The stock market has reacted badly to reports in The Wall Street Journal that two of the nation's largest technology companies—Facebook and Google—are likely to face intensifying antitrust scrutiny from federal regulators in the United States.
As I write this on Monday afternoon, Facebook stock is down 7 percent, while Google stock is down 6.5 percent. The S&P 500 index of large stocks is down less than 1 percent. An unusual legal arrangement gives the Justice Department and the Federal Trade Commission joint responsibility for antitrust enforcement. The two agencies negotiate to decide which one will represent the government in any particular inquiry. On Monday, The Wall Street Journal reported that the two agencies had agreed that the Justice Department would investigate Google, while the FTC would focus on Facebook. The Journal had
already reported that the Justice Department was preparing a new Google investigation.

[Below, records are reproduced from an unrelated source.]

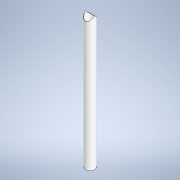
# Autodesk Inventor part: SP12V1 Agarre Baranda
Saved by Autodesk Inventor 2021.2 (Build 252289000, 289)
## iProperties
Created: 2026-05-26
Part Number: SP12V1 Agarre Baranda
Material: Acero, carbono
Document SubType Name: Modeling
Designer: nelso
Density: 7.85 g/cm^3
Appearance: Blanco
Author: nelso
Autodesk Inventor part; units mm, degrees
ref_plane "YZ Plane" through (0, 0, 0) normal (1, 0, 0) x (0, 1, 0)
ref_plane "XZ Plane" through (0, 0, 0) normal (0, 1, 0) x (-1, 0, 0)
ref_plane "XY Plane" through (0, 0, 0) normal (0, 0, 1) x (1, 0, 0)
sketch "Sketch1" plane through (0, 0, 0) normal (0, 1, 0) x (-1, 0, 0)
  circle A0 centre (0, 0) radius 15.55
  circle A1 centre (0, 0) radius 14.75
  dimension "d0" = 31.1
  dimension "d1" = 29.5
  constraints: 2 centre point, 2 coincident
  measures "d0" diameter of A0
  measures "d1" diameter of A1
extrude "Extrusion1" add sketch "Sketch1" along normal mid plane 445
sketch "Sketch6" plane through (0, 0, 0) normal (0, 0, 1) x (1, 0, 0)
  circle A0 centre (0, 222.5) radius 15.55 projected
  point P0 (0, 0)
extrude "Extrusion6" cut sketch "Sketch6" along normal mid plane 200
body "Solid1"
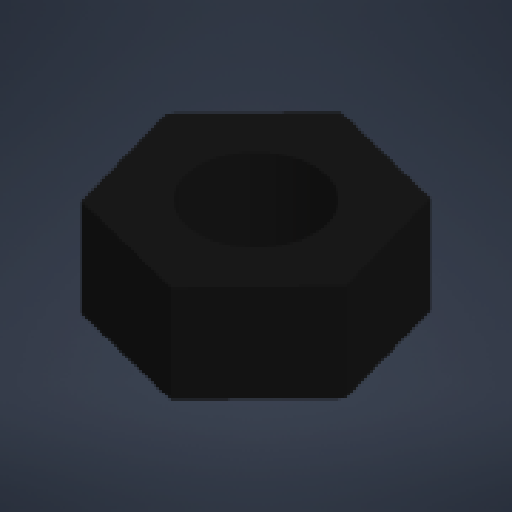
# Autodesk Inventor part: nut
Saved by Autodesk Inventor 2026.2 (Build 302298000, 298)
## iProperties
Created: 2026-01-27
Part Number: nut
Material: Generic
Document SubType Name: Modeling
Designer: test
Density: 1 g/cm^3
Appearance: Default
Author: test
Autodesk Inventor part; units mm, degrees
ref_plane "YZ Plane" through (0, 0, 0) normal (1, 0, 0) x (0, 1, 0)
ref_plane "XZ Plane" through (0, 0, 0) normal (0, 1, 0) x (-1, 0, 0)
ref_plane "XY Plane" through (0, 0, 0) normal (0, 0, 1) x (1, 0, 0)
sketch "Sketch1" plane through (0, 0, 0) normal (0, 1, 0) x (-1, 0, 0)
  line L0 (3.079, -0.7765) -> (0.8671, -3.0547)
  line L1 (0.8671, -3.0547) -> (-2.2119, -2.2783)
  line L2 (-2.2119, -2.2783) -> (-3.079, 0.7765)
  line L3 (-3.079, 0.7765) -> (-0.8671, 3.0547)
  line L4 (-0.8671, 3.0547) -> (2.2119, 2.2783)
  line L5 (2.2119, 2.2783) -> (3.079, -0.7765)
  circle A0 centre (0, 0) radius 1.5
  dimension "d0" = 5.5
  dimension "d1" = 3
  constraints: 12 end point, 2 coincident, 1 centre point, 13 other
  measures "d0" distance between parallel lines of L2 L5
  measures "d1" diameter of A0
extrude "Extrusion1" add sketch "Sketch1" along normal blind 2.5
body "Solid1"

The Journal notes that the FTC has already been investigating Facebook on privacy issues but that it "isn't known if the FTC has near-term plans to launch a formal antitrust investigation of Facebook." However, the fact that the FTC obtained Justice Department approval to take the lead on Facebook antitrust issues certainly suggests the agency is taking the issue seriously. Google and Facebook are big companies with many products and technologies, so an antitrust investigation could go in many different directions. Competitors have long argued that Google wrongly uses its dominant search engine to give itself an unfair advantage in other markets. For example, Yelp has argued that Google formats results in a way that gives Google's own user-reviews service more prominent placement in search results than alternatives like Yelp and TripAdvisor.